A: "The average practice deals with 20 to 30 frame vendors and purchases frames piece by piece with no plan. When we partner with a practice, we look at the patient base and design an inventory model using 30% Marchon frames and 70% frames from other vendors. (Our product lines include Calvin Klein, Donna Karan, Nike, Disney, Nautica and Flexon, styles with enough variety that everything doesn't look alike.) This reduces the number of vendors you have to deal with to 10 or less, lowering your administrative costs.
"In addition to taking responsibility for product sell-through, we can reduce costs on Office Mate computer software (including training) or Eye Designs furniture, by 10% to 40%. We have 350 professionals available to train your staff in selling, inventory control, merchandising and product knowledge. We can help with merchandising and point-of-purchase displays. We can coordinate in-office "trunk shows" featuring entire de-signer lines. And most of our sales representatives have been with us for more than 10 years. They're seasoned veterans."

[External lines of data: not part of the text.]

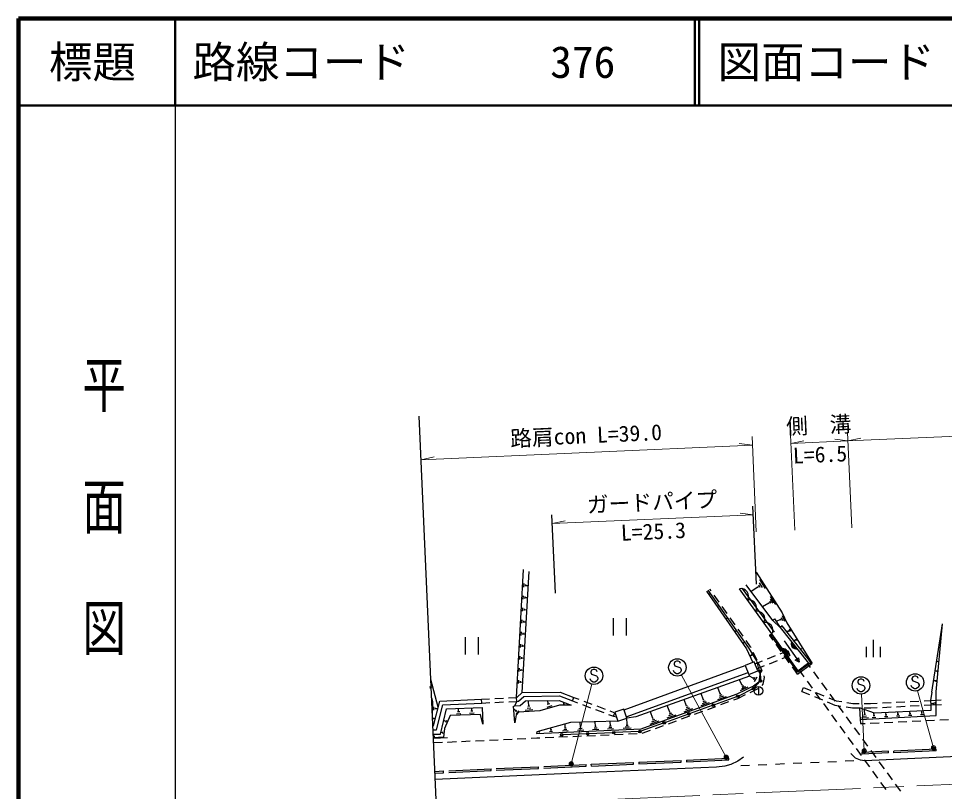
# Model space of a CAD drawing. Units: millimetres, scale not verified. Extents: x 40000 to 680000, y 20000 to 380000.
# Drawn here: x 40000 to 146476, y 291069 to 380000 of the extents above; entities that cross this region are included whole.
import ezdxf
from ezdxf.enums import TextEntityAlignment as Align

# ---------------------------------------------------------------- set-up
doc = ezdxf.new("R2010")
doc.units = ezdxf.units.MM
doc.header["$LTSCALE"] = 1000
doc.header["$PDMODE"] = 32
doc.header["$PDSIZE"] = 500
doc.linetypes.add('CHAIN', pattern=[18.5, 12, -1.5, 3.5, -1.5])
for name, color, linetype, lineweight in [('M-BGD', 7, 'Continuous', 25), ('M-BMK', 2, 'CHAIN', 13), ('M-BMK-OTRS', 5, 'Continuous', 25), ('M-STR-HTXT', 7, 'Continuous', 13), ('M-STR-STRC', 7, 'Continuous', 25), ('M-TTL', 2, 'Continuous', 140), ('M-TTL-BAND', 7, 'Continuous', 25), ('M-TTL-LINE', 7, 'Continuous', 50)]:
    doc.layers.add(name, color=color, linetype=linetype, lineweight=lineweight)
doc.layers.add('M-TTL-TXT', color=7, linetype='Continuous')
doc.styles.add('@ＭＳ ゴシック', font='')
doc.styles.add('ＭＳ ゴシック', font='')
doc.styles.get('@ＭＳ ゴシック').set_extended_font_data('@MS Gothic')
doc.styles.get('ＭＳ ゴシック').set_extended_font_data('MS Gothic')

msp = doc.modelspace()

# ---------------------------------------------------------------- linework, layer by layer
at = {"layer": 'M-BGD'}
for p, q in [((124847, 314923), (124450, 323914)), ((101734, 313903), (101337, 322895)), ((97264, 301879), (98065, 316610)), ((97926, 302444), (98701, 316373)), ((125191, 315445), (125855, 314409)), ((98105, 314592), (98127, 314989)), ((98309, 314680), (98320, 314879)), ((98314, 314780), (98612, 314763)), ((119634, 314157), (119507, 314336)), ((126640, 309207), (122905, 314398)), ((126914, 309387), (123205, 314457)), ((126729, 310737), (123672, 314843)), ((125005, 314595), (124228, 314096)), ((124963, 314659), (125046, 314530)), ((125094, 314835), (125261, 314576)), ((125184, 315075), (125516, 314557)), ((98030, 313199), (98051, 313594)), ((98233, 313287), (98243, 313485)), ((98238, 313386), (98534, 313370)), ((119457, 313825), (119373, 313772)), ((119436, 313858), (119477, 313791)), ((120559, 312851), (119981, 313667)), ((126423, 313183), (126722, 312717)), ((126429, 313515), (127026, 312584)), ((97954, 311808), (97976, 312202)), ((98156, 311896), (98167, 312093)), ((98162, 311994), (98457, 311978)), ((120472, 312380), (120376, 312320)), ((120448, 312418), (120496, 312341)), ((121483, 311545), (120905, 312362)), ((126262, 312751), (125563, 312302)), ((126225, 312809), (126299, 312692)), ((126342, 312967), (126492, 312734)), ((108359, 311025), (108359, 309025)), ((109859, 311025), (109859, 309025)), ((121470, 310959), (121362, 310892)), ((121444, 311003), (121497, 310916)), ((122407, 310239), (121830, 311056)), ((126924, 310922), (126729, 310737)), ((126924, 310922), (127584, 309932)), ((127581, 310925), (127657, 310761)), ((127706, 311083), (127858, 310756)), ((127793, 311322), (128098, 310669)), ((97879, 310418), (97900, 310810)), ((98080, 310506), (98091, 310702)), ((98085, 310604), (98379, 310588)), ((127584, 309932), (126729, 310737)), ((127619, 310843), (127129, 310615)), ((127820, 310118), (127584, 309932)), ((127584, 309932), (130833, 305819)), ((131231, 305800), (127820, 310118)), ((145032, 302495), (146258, 310359)), ((91353, 308818), (91353, 306818)), ((92853, 308818), (92853, 306818)), ((97803, 309030), (97824, 309421)), ((98004, 309117), (98014, 309312)), ((98009, 309215), (98302, 309199)), ((122486, 309514), (122365, 309439)), ((122456, 309563), (122516, 309466)), ((123332, 308934), (122754, 309750)), ((126395, 309033), (126640, 309207)), ((126781, 308491), (126395, 309033)), ((129659, 304959), (126640, 309207)), ((128569, 309547), (128369, 309423)), ((128528, 309614), (128611, 309480)), ((128620, 309764), (128786, 309497)), ((97728, 307644), (97749, 308032)), ((97928, 307730), (97938, 307925)), ((97933, 307827), (98225, 307812)), ((123418, 308188), (123286, 308106)), ((123386, 308241), (123451, 308135)), ((124184, 307730), (123678, 308444)), ((124237, 307617), (124184, 307730)), ((127708, 307187), (127129, 308002)), ((128051, 308410), (129765, 305948)), ((129397, 308514), (129189, 308384)), ((129346, 308597), (129449, 308431)), ((137467, 307726), (137467, 306526)), ((138267, 308526), (138267, 306526)), ((139067, 307726), (139067, 306526)), ((124268, 306764), (124092, 306655)), ((124224, 306834), (124311, 306693)), ((124921, 306170), (124494, 307074)), ((126109, 306325), (127037, 306698)), ((127594, 306922), (128475, 307276)), ((127821, 306366), (128699, 306719)), ((128635, 305883), (128056, 306698)), ((128475, 307276), (128699, 306719)), ((130029, 307498), (129935, 307440)), ((130006, 307536), (130053, 307460)), ((97653, 306258), (97674, 306646)), ((97852, 306345), (97862, 306538)), ((97857, 306442), (98147, 306426)), ((124671, 305747), (125552, 306101)), ((125500, 304934), (125076, 305840)), ((126336, 305769), (127264, 306142)), ((129323, 306189), (129692, 306446)), ((129765, 305948), (129323, 306189)), ((129562, 304578), (131231, 305800)), ((129692, 306446), (129765, 305948)), ((130738, 305749), (131044, 305329)), ((145688, 306003), (145581, 306014)), ((145693, 306047), (145684, 305960)), ((97577, 304875), (97598, 305261)), ((97776, 304961), (97786, 305154)), ((97781, 305057), (98070, 305041)), ((109627, 300477), (123567, 305545)), ((109891, 299668), (123894, 304759)), ((124901, 305193), (125779, 305546)), ((129562, 304578), (128983, 305393)), ((129755, 305029), (130317, 304255)), ((131398, 304844), (131987, 304036)), ((145584, 304922), (145413, 304938)), ((145591, 304990), (145578, 304853)), ((88258, 300766), (87418, 303953)), ((97502, 303492), (97523, 303877)), ((97700, 303578), (97710, 303770)), ((97705, 303674), (97993, 303659)), ((123223, 303281), (122912, 303929)), ((124466, 304109), (124047, 304337)), ((124504, 304179), (124428, 304039)), ((124682, 304172), (124530, 303893)), ((124898, 304236), (124593, 303677)), ((125608, 303407), (125782, 304188)), ((125782, 304188), (125724, 304379)), ((130669, 303769), (131257, 302960)), ((132340, 303551), (132929, 302743)), ((145476, 303789), (145238, 303812)), ((145485, 303885), (145466, 303694)), ((87377, 302922), (87316, 303155)), ((87347, 303039), (87639, 303115)), ((120686, 302292), (120416, 303032)), ((123862, 303057), (122998, 302642)), ((123577, 303097), (123145, 302890)), ((123277, 303307), (123169, 303255)), ((123400, 303189), (123184, 303085)), ((124147, 302469), (125049, 302901)), ((125078, 303146), (125078, 302146)), ((125504, 303263), (125608, 303407)), ((130083, 302569), (130282, 303049)), ((130083, 302569), (130956, 302209)), ((130282, 303049), (131126, 302701)), ((131609, 302474), (132197, 301665)), ((131681, 302473), (132605, 302091)), ((93246, 301688), (94156, 301731)), ((93267, 301249), (93247, 301688)), ((94756, 301760), (95755, 301807)), ((94777, 301320), (95776, 301368)), ((96354, 301836), (97264, 301879)), ((96375, 301396), (97285, 301439)), ((97071, 300938), (97285, 301439)), ((97285, 301439), (97264, 301879)), ((98676, 300862), (98637, 301512)), ((100943, 301109), (100819, 301537)), ((102705, 301157), (102704, 301342)), ((103717, 301485), (103871, 301897)), ((103717, 301485), (104292, 301269)), ((103871, 301897), (104446, 301681)), ((105008, 301471), (105944, 301119)), ((116823, 300891), (116549, 301642)), ((118758, 301593), (118486, 302338)), ((119127, 301352), (118630, 301170)), ((118943, 301472), (118694, 301382)), ((118820, 301615), (118696, 301570)), ((121359, 301978), (120372, 301618)), ((121052, 302053), (120559, 301873)), ((120869, 302172), (120622, 302082)), ((120747, 302314), (120624, 302269)), ((120749, 301066), (121688, 301409)), ((122252, 301614), (122703, 301779)), ((122703, 301779), (123605, 302210)), ((131510, 301980), (132435, 301599)), ((132989, 301371), (133862, 301011)), ((133160, 301863), (134005, 301514)), ((133282, 302258), (133871, 301450)), ((134005, 301514), (134668, 301405)), ((140929, 301345), (141928, 301395)), ((142527, 301425), (143526, 301475)), ((144125, 301505), (144873, 301542)), ((144873, 301542), (146093, 301602)), ((145359, 301361), (145360, 300987)), ((87771, 300436), (87773, 300795)), ((87951, 300525), (87952, 300704)), ((87951, 300614), (88221, 300613)), ((90607, 300245), (90591, 300630)), ((92254, 300315), (91995, 300304)), ((92124, 300309), (92108, 300698)), ((93267, 301249), (94177, 301292)), ((97205, 300328), (96953, 300538)), ((97275, 300412), (97134, 300244)), ((97513, 300355), (97232, 300020)), ((99136, 300455), (98269, 300402)), ((98906, 300658), (98473, 300632)), ((98785, 300868), (98568, 300855)), ((101312, 300906), (100740, 300740)), ((101086, 301150), (100800, 301067)), ((102779, 301158), (102631, 301157)), ((104853, 301059), (105790, 300707)), ((106351, 300496), (107288, 300145)), ((106506, 300908), (107442, 300557)), ((108004, 300346), (108579, 300131)), ((114881, 300186), (114605, 300943)), ((117506, 300573), (116505, 300208)), ((117195, 300648), (116694, 300466)), ((117009, 300770), (116759, 300678)), ((116886, 300914), (116760, 300868)), ((117743, 299969), (118682, 300311)), ((119436, 301277), (118442, 300914)), ((119246, 300517), (120185, 300860)), ((132549, 301179), (133137, 300370)), ((133862, 301011), (134575, 300893)), ((134225, 300965), (134814, 300157)), ((135167, 300796), (135881, 300678)), ((135260, 301308), (135923, 301198)), ((135881, 300678), (136639, 300678)), ((135923, 301198), (136654, 301198)), ((137239, 300678), (137998, 300678)), ((137254, 301198), (137985, 301198)), ((137314, 299903), (137282, 300480)), ((137985, 301198), (138732, 301235)), ((137998, 300678), (138752, 300716)), ((139331, 301265), (140330, 301315)), ((139351, 300745), (140350, 300795)), ((140949, 300825), (141948, 300875)), ((142512, 299989), (142496, 300266)), ((142547, 300905), (143546, 300955)), ((143868, 300059), (143853, 300327)), ((144145, 300985), (144899, 301023)), ((145172, 301174), (144891, 301173)), ((144899, 301023), (146121, 301083)), ((145172, 301267), (145172, 301080)), ((87764, 299401), (87765, 299544)), ((87765, 299472), (87944, 299471)), ((89167, 299123), (88883, 299251)), ((89218, 299236), (89115, 299010)), ((90874, 299999), (90361, 299977)), ((90735, 300250), (90479, 300240)), ((92394, 300061), (91876, 300040)), ((107849, 299934), (108424, 299719)), ((108424, 299719), (108579, 300131)), ((108424, 299719), (108744, 299650)), ((108579, 300131), (108588, 300129)), ((109979, 298804), (109948, 299502)), ((112932, 299479), (112654, 300241)), ((113309, 299234), (112801, 299048)), ((113120, 299356), (112866, 299264)), ((112995, 299503), (112868, 299456)), ((115569, 299866), (114561, 299498)), ((114737, 298871), (115676, 299214)), ((115256, 299942), (114751, 299758)), ((115068, 300064), (114816, 299972)), ((114944, 300209), (114818, 300163)), ((116240, 299420), (117179, 299763)), ((133489, 299885), (134077, 299075)), ((135167, 299672), (135756, 298864)), ((136792, 299334), (136811, 298874)), ((137721, 299539), (136951, 299496)), ((137517, 299721), (137132, 299700)), ((137410, 299908), (137218, 299897)), ((138597, 299585), (138173, 299561)), ((138479, 299792), (138267, 299780)), ((138373, 299786), (138355, 300104)), ((139972, 299662), (139579, 299640)), ((139863, 299852), (139667, 299841)), ((139765, 299847), (139748, 300141)), ((141345, 299738), (140964, 299717)), ((141239, 299923), (141049, 299913)), ((141144, 299918), (141128, 300204)), ((142707, 299814), (142337, 299794)), ((142604, 299994), (142419, 299984)), ((142743, 299165), (143742, 299214)), ((144057, 299890), (143699, 299870)), ((143958, 300064), (143779, 300054)), ((144341, 299243), (145340, 299292)), ((145939, 299321), (146938, 299368)), ((101234, 298126), (101222, 298385)), ((103044, 298195), (102720, 298181)), ((102956, 298354), (102794, 298346)), ((102875, 298350), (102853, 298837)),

Q: How can you afford to do this?
A: "We know that to succeed we have to build client relationships, and partnerships must be win-win. A practice that partners with us is committing about $30,000 to Marchon over the course of a year. That makes the doctor a VIP -- "very important partner" -- so we allocate our resources in exchange for the doctor's loyalty. Marchon depends on thriving private practices, so we do our best to help them thrive."
LEONA'S ADVICE
Today, vendor partnerships are offered by a wide range of companies. Yet only about 10% of practices take advantage of them. Why? I believe practices are afraid of getting too "locked in" with one or two suppliers. So, they buy a little from everyone.
Instead, why not choose a few vendors and then decide if they "measure up?" You can be a little fish in a big pond, spreading purchasing dollars far and wide, or a big fish in a little pond, carefully choosing who gets your business.
Which fish do you think will get eaten first?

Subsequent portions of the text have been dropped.